Top of Information supplied

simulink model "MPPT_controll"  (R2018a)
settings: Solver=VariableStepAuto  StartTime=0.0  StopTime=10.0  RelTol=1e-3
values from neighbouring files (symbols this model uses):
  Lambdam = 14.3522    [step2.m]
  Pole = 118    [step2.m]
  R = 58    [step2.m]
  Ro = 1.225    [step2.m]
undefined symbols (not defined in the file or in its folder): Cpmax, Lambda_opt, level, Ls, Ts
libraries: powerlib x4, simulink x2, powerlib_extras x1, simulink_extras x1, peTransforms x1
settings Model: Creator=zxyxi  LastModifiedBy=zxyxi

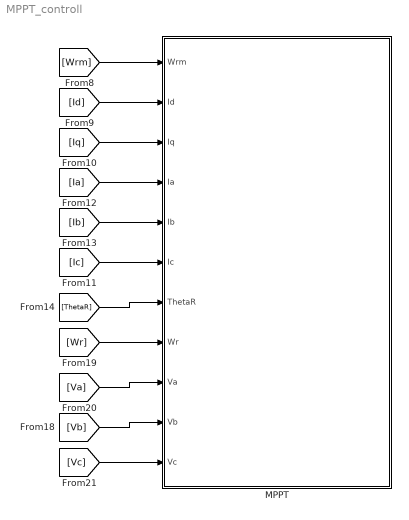
== system MPPT_controll ==
  "MPPT " : Subsystem
  wires:
  [Iq] -> "MPPT "/3("Iq ")
  [Ic] -> "MPPT "/6("Ic ")
  [Vb] -> "MPPT "/10(Vb)
  [Wrm] -> "MPPT "/1(Wrm)
  [Vc] -> "MPPT "/11("Vc ")
  [Va] -> "MPPT "/9(Va)
  [ThetaR] -> "MPPT "/7("ThetaR ")
  [Ib] -> "MPPT "/5("Ib ")
  [Ia] -> "MPPT "/4("Ia ")
  [Id] -> "MPPT "/2("Id ")
  [Wr] -> "MPPT "/8("Wr ")

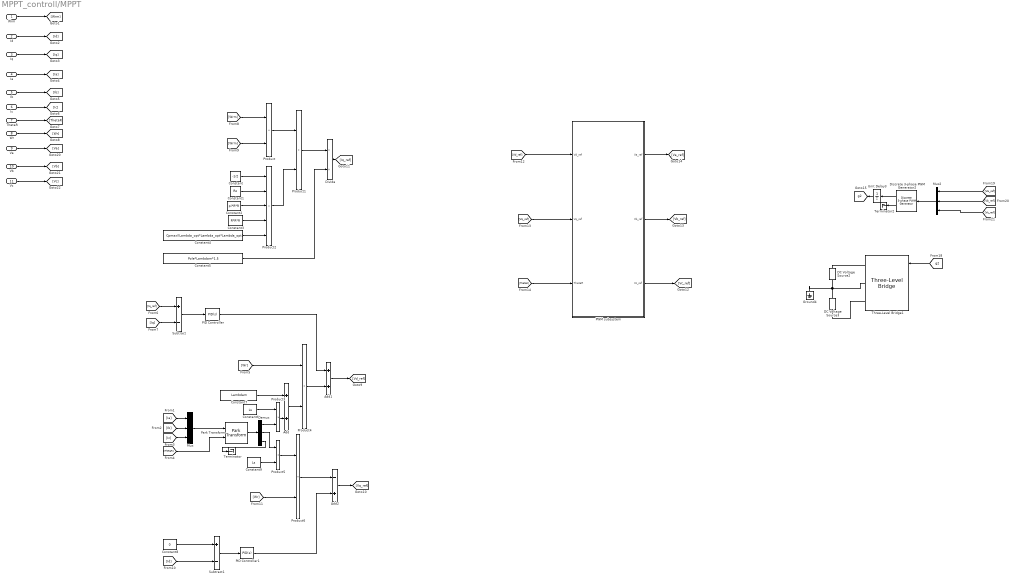
== system MPPT_controll/MPPT  ==
  Wrm : Inport
  "Id " : Inport  Port=2
  "Iq " : Inport  Port=3
  "Ia " : Inport  Port=4
  "Ib " : Inport  Port=5
  "Ic " : Inport  Port=6
  "ThetaR " : Inport  Port=7
  "Wr " : Inport  Port=8
  Va : Inport  Port=9
  Vb : Inport  Port=10
  "Vc " : Inport  Port=11
  Add : Sum
  Add1 : Sum
  Add2 : Sum  Inputs=-+
  Constant : Constant  Value=-1/2
  Constant1 : Constant  Value=Ro
  Constant2 : Constant  Value=pi*R*R
  Constant3 : Constant  Value=R*R*R
  Constant4 : Constant  Value=Cpmax/(Lambda_opt*Lambda_opt*Lambda_opt)
  Constant5 : Constant  Value=Pole*Lambdam*1.5
  Constant6 : Constant  Value=Ls
  Constant7 : Constant  Value=Lambdam
  Constant8 : Constant  Value=0
  Constant9 : Constant  Value=Ls
  DC Voltage Source2 : powerlib/Electrical Sources/DC Voltage Source  Amplitude=2500  Measurements=None
  DC Voltage Source3 : powerlib/Electrical Sources/DC Voltage Source  Amplitude=2500  Measurements=None
  Demux : Demux  Outputs=3
  Discrete 3-phase PWM Generator2 : powerlib_extras/Discrete  Control Blocks/Discrete 3-phase PWM Generator  ModulatorType=3-level  ModulatorMode=Un-synchronized  nF=18  Fc=2400  ModulatingSignals=off  m=0.2  Freq=60  Phase=0  Ts=Ts
  Divide : Product  Inputs=*/
  Ground4 : powerlib/Elements/Ground  LConnTagsString=a
  Mux : Mux  Inputs=3
  Mux2 : Mux  Inputs=3
  PID Controller : simulink/Continuous/PID Controller  Controller=PID  TimeDomain=Continuous-time  SampleTime=-1  IntegratorMethod=Forward Euler  FilterMethod=Forward Euler  Form=Parallel  UseFilter=on  ControllerParametersSource=internal  P=1  I=1  D=0  N=100  InitialConditionSource=internal  InitialConditionForIntegrator=0  InitialConditionForFilter=0  ExternalReset=none  LimitOutput=off  UpperSaturationLimit=inf  LowerSaturationLimit=-inf  LinearizeAsGain=on  AntiWindupMode=none  Kb=1  TrackingMode=off  Kt=1  PParamMin=[]  PParamMax=[]  IParamMin=[]  IParamMax=[]  DParamMin=[]  DParamMax=[]  NParamMin=[]  NParamMax=[]  KbParamMin=[]  KbParamMax=[]  KtParamMin=[]  KtParamMax=[]  POutMin=[]  POutMax=[]  IOutMin=[]  IOutMax=[]  DOutMin=[]  DOutMax=[]  NOutMin=[]  NOutMax=[]  KbOutMin=[]  KbOutMax=[]  KtOutMin=[]  KtOutMax=[]  IntegratorOutMin=[]  IntegratorOutMax=[]  FilterOutMin=[]  FilterOutMax=[]  SumOutMin=[]  SumOutMax=[]  SumI1OutMin=[]  SumI1OutMax=[]  SumI2OutMin=[]  SumI2OutMax=[]  SumI3OutMin=[]  SumI3OutMax=[]  SumDOutMin=[]  SumDOutMax=[]  SaturationOutMin=[]  SaturationOutMax=[]  IntegratorContinuousStateAttributes=''  IntegratorStateMustResolveToSignalObject=off  IntegratorRTWStateStorageClass=Auto  FilterContinuousStateAttributes=''  FilterStateMustResolveToSignalObject=off  FilterRTWStateStorageClass=Auto  DifferentiatorICPrevScaledInput=0  DifferentiatorOutMin=[]  DifferentiatorOutMax=[]  FilterDiffOutCoefMin=[]  FilterDiffOutCoefMax=[]  SumDenOutMin=[]  SumDenOutMax=[]  SumNumOutMin=[]  SumNumOutMax=[]  ReciprocalOutMin=[]  ReciprocalOutMax=[]  DivideOutMin=[]  DivideOutMax=[]  TunerSelectOption=Transfer Function Based (PID Tuner App)
  PID Controller1 : simulink/Continuous/PID Controller  Controller=PID  TimeDomain=Continuous-time  SampleTime=-1  IntegratorMethod=Forward Euler  FilterMethod=Forward Euler  Form=Parallel  UseFilter=on  ControllerParametersSource=internal  P=1  I=1  D=0  N=100  InitialConditionSource=internal  InitialConditionForIntegrator=0  InitialConditionForFilter=0  ExternalReset=none  LimitOutput=off  UpperSaturationLimit=inf  LowerSaturationLimit=-inf  LinearizeAsGain=on  AntiWindupMode=none  Kb=1  TrackingMode=off  Kt=1  PParamMin=[]  PParamMax=[]  IParamMin=[]  IParamMax=[]  DParamMin=[]  DParamMax=[]  NParamMin=[]  NParamMax=[]  KbParamMin=[]  KbParamMax=[]  KtParamMin=[]  KtParamMax=[]  POutMin=[]  POutMax=[]  IOutMin=[]  IOutMax=[]  DOutMin=[]  DOutMax=[]  NOutMin=[]  NOutMax=[]  KbOutMin=[]  KbOutMax=[]  KtOutMin=[]  KtOutMax=[]  IntegratorOutMin=[]  IntegratorOutMax=[]  FilterOutMin=[]  FilterOutMax=[]  SumOutMin=[]  SumOutMax=[]  SumI1OutMin=[]  SumI1OutMax=[]  SumI2OutMin=[]  SumI2OutMax=[]  SumI3OutMin=[]  SumI3OutMax=[]  SumDOutMin=[]  SumDOutMax=[]  SaturationOutMin=[]  SaturationOutMax=[]  IntegratorContinuousStateAttributes=''  IntegratorStateMustResolveToSignalObject=off  IntegratorRTWStateStorageClass=Auto  FilterContinuousStateAttributes=''  FilterStateMustResolveToSignalObject=off  FilterRTWStateStorageClass=Auto  DifferentiatorICPrevScaledInput=0  DifferentiatorOutMin=[]  DifferentiatorOutMax=[]  FilterDiffOutCoefMin=[]  FilterDiffOutCoefMax=[]  SumDenOutMin=[]  SumDenOutMax=[]  SumNumOutMin=[]  SumNumOutMax=[]  ReciprocalOutMin=[]  ReciprocalOutMax=[]  DivideOutMin=[]  DivideOutMax=[]  TunerSelectOption=Transfer Function Based (PID Tuner App)
  "PWM subsystem " : Subsystem
  Park Transform : peTransforms/Park Transform  AxisAlignment=D-axis  PowerInvariant=off
  Product{,1,3..6} (6 alike) : Product
  Product2 : Product  Inputs=5
  Subtract : Sum  Inputs=+-
  Subtract1 : Sum  Inputs=+-
  Terminator : Terminator
  Terminator2 : Terminator
  Three-Level Bridge1 : powerlib/Power Electronics/Three-Level Bridge  Arms=3  SnubberResistance=1e3  SbubberCapacitance=1e-6  Device=Ideal Switches  Ron=0.2e-3  ForwardVoltages="[  2 1 ]"  Measurements=None
      settings: SourceProductName=Simscape Power Systems  SourceProductBaseCode=PS
  Unit Delay3 : UnitDelay  SampleTime=Ts
  tag scope: g2=global
  wires:
  Product2/1 -> Product1/2
  [Wrm] -> Product/2
  Constant5/1 -> Divide/2
  Product1/1 -> Divide/1
  Constant1/1 -> Product2/2
  Constant2/1 -> Product2/3
  Product/1 -> Product1/1
  Divide/1 -> [Iq_ref]
  Constant/1 -> Product2/1
  [Wrm] -> Product/1
  Constant3/1 -> Product2/4
  Constant4/1 -> Product2/5
  Wrm/1 -> [Wrm]
  "Id "/1 -> [Id]
  "Iq "/1 -> [Iq]
  "Ia "/1 -> [Ia]
  "Ib "/1 -> [Ib]
  "Ic "/1 -> [Ic]
  "ThetaR "/1 -> [ThetaR]
  [Ia] -> Mux/1
  [Ic] -> Mux/3
  [Ib] -> Mux/2
  Mux/1 -> Park Transform/1
  [ThetaR] -> Park Transform/2
  Park Transform/1 -> Demux/1
  Demux/1 -> Product3/2
  Constant6/1 -> Product3/1
  Product3/1 -> Add/2
  Constant7/1 -> Add/1
  Add/1 -> Product4/2
  [Wr] -> Product4/1
  "Wr "/1 -> [Wr]
  Product4/1 -> Add1/2
  [Iq_ref] -> Subtract/1
  [Iq] -> Subtract/2
  Subtract/1 -> PID Controller/1
  PID Controller/1 -> Add1/1
  [Id] -> Subtract1/2
  Constant8/1 -> Subtract1/1
  Subtract1/1 -> PID Controller1/1
  Demux/2 -> Product5/1
  Constant9/1 -> Product5/2
  Product5/1 -> Product6/1
  [Wr] -> Product6/2
  Product6/1 -> Add2/1
  PID Controller1/1 -> Add2/2
  Add1/1 -> [Vd_ref]
  Add2/1 -> [Vq_ref]
  Vb/1 -> [Vb]
  "Vc "/1 -> [Vc]
  Va/1 -> [Va]
  [Vd_ref] -> "PWM subsystem "/1("Vd_ref ")
  [Vq_ref] -> "PWM subsystem "/2("Vq_ref ")
  [ThetaR] -> "PWM subsystem "/3("ThetaR ")
  "PWM subsystem "/3("Vc_ref ") -> [Vc_ref]
  "PWM subsystem "/2("Vb_ref ") -> [Vb_ref]
  "PWM subsystem "/1("Va_ref ") -> [Va_ref]
  Demux/3 -> Terminator/1
  Discrete 3-phase PWM Generator2/2 -> Terminator2/1
  Discrete 3-phase PWM Generator2/1 -> Unit Delay3/1
  Mux2/1 -> Discrete 3-phase PWM Generator2/1
  Unit Delay3/1 -> [g2]
  [Va_ref] -> Mux2/1
  [Vb_ref] -> Mux2/2
  [Vc_ref] -> Mux2/3
  [g2] -> Three-Level Bridge1/1
  connections:
  Three-Level Bridge1/RConn1 -- DC Voltage Source2/RConn1
  Three-Level Bridge1/RConn3 -- DC Voltage Source3/LConn1
  DC Voltage Source3/RConn1 -- Ground4/LConn1 -- Three-Level Bridge1/RConn2 -- DC Voltage Source2/LConn1

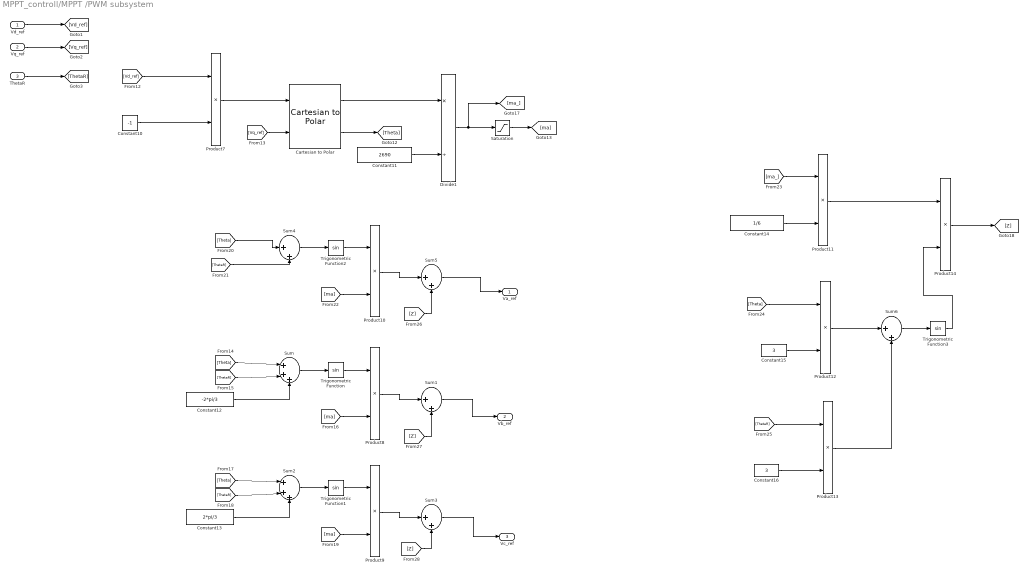
== system MPPT_controll/MPPT /PWM subsystem  ==
  "Vd_ref " : Inport
  "Vq_ref " : Inport  Port=2
  "ThetaR " : Inport  Port=3
  Cartesian to Polar : simulink_extras/Transformations/Cartesian to Polar
      settings: SourceProductName=Simulink
  Constant10 : Constant  Value=-1
  Constant11 : Constant  Value=2690
  Constant12 : Constant  Value=-2*pi/3
  Constant13 : Constant  Value=2*pi/3
  Constant14 : Constant  Value=1/6
  Constant15 : Constant  Value=3
  Constant16 : Constant  Value=3
  Divide1 : Product  Inputs=*/
  Product{7..14} (8 alike) : Product
  Saturation : Saturate  UpperLimit=1  LowerLimit=0
  Sum : Sum  Inputs=|+++
  Sum{1,3..6} (5 alike) : Sum  Inputs=|++
  Sum2 : Sum  Inputs=|+++
  Trigonometric Function{,1..3} (4 alike) : Trigonometry
  "Va_ref " : Outport
  "Vb_ref " : Outport  Port=2
  "Vc_ref " : Outport  Port=3
  wires:
  [Z] -> Sum3/2
  [Vq_ref] -> Cartesian to Polar/2
  [ma_] -> Product11/1
  [ThetaR] -> Sum/2
  Constant12/1 -> Sum/3
  Product10/1 -> Sum5/1
  [Vd_ref] -> Product7/1
  [ThetaR] -> Product13/1
  Product7/1 -> Cartesian to Polar/1
  [Theta] -> Product12/1
  Sum2/1 -> Trigonometric Function1/1
  [Theta] -> Sum/1
  [ma] -> Product9/2
  Cartesian to Polar/1 -> Divide1/1
  [ma] -> Product8/2
  Product13/1 -> Sum6/2
  Sum6/1 -> Trigonometric Function3/1
  Constant13/1 -> Sum2/3
  [Z] -> Sum1/2
  Constant15/1 -> Product12/2
  Constant16/1 -> Product13/2
  Product9/1 -> Sum3/1
  Saturation/1 -> [ma]
  Trigonometric Function2/1 -> Product10/1
  Divide1/1 -> [ma_], Saturation/1
  Cartesian to Polar/2 -> [Theta]
  Sum/1 -> Trigonometric Function/1
  Product12/1 -> Sum6/1
  Product14/1 -> [Z]
  Trigonometric Function3/1 -> Product14/2
  Constant14/1 -> Product11/2
  [Z] -> Sum5/2
  Constant11/1 -> Divide1/2
  Sum3/1 -> "Vc_ref "/1
  Trigonometric Function1/1 -> Product9/1
  [Theta] -> Sum2/1
  [ThetaR] -> Sum2/2
  Product11/1 -> Product14/1
  Sum4/1 -> Trigonometric Function2/1
  Sum5/1 -> "Va_ref "/1
  [ThetaR] -> Sum4/2
  Constant10/1 -> Product7/2
  [Theta] -> Sum4/1
  [ma] -> Product10/2
  Sum1/1 -> "Vb_ref "/1
  Trigonometric Function/1 -> Product8/1
  Product8/1 -> Sum1/1
  "Vd_ref "/1 -> [Vd_ref]
  "Vq_ref "/1 -> [Vq_ref]
  "ThetaR "/1 -> [ThetaR]

Bottom of Information supplied

* **Problem details**: Set down, exactly as they stand above, the lines starting with the line with "Mux/1 -> Park Transform/1" and going on through the line with "Subtract/1 -> PID Controller/1", and no others.

* **Written answer**:
  Mux/1 -> Park Transform/1
  [ThetaR] -> Park Transform/2
  Park Transform/1 -> Demux/1
  Demux/1 -> Product3/2
  Constant6/1 -> Product3/1
  Product3/1 -> Add/2
  Constant7/1 -> Add/1
  Add/1 -> Product4/2
  [Wr] -> Product4/1
  "Wr "/1 -> [Wr]
  Product4/1 -> Add1/2
  [Iq_ref] -> Subtract/1
  [Iq] -> Subtract/2
  Subtract/1 -> PID Controller/1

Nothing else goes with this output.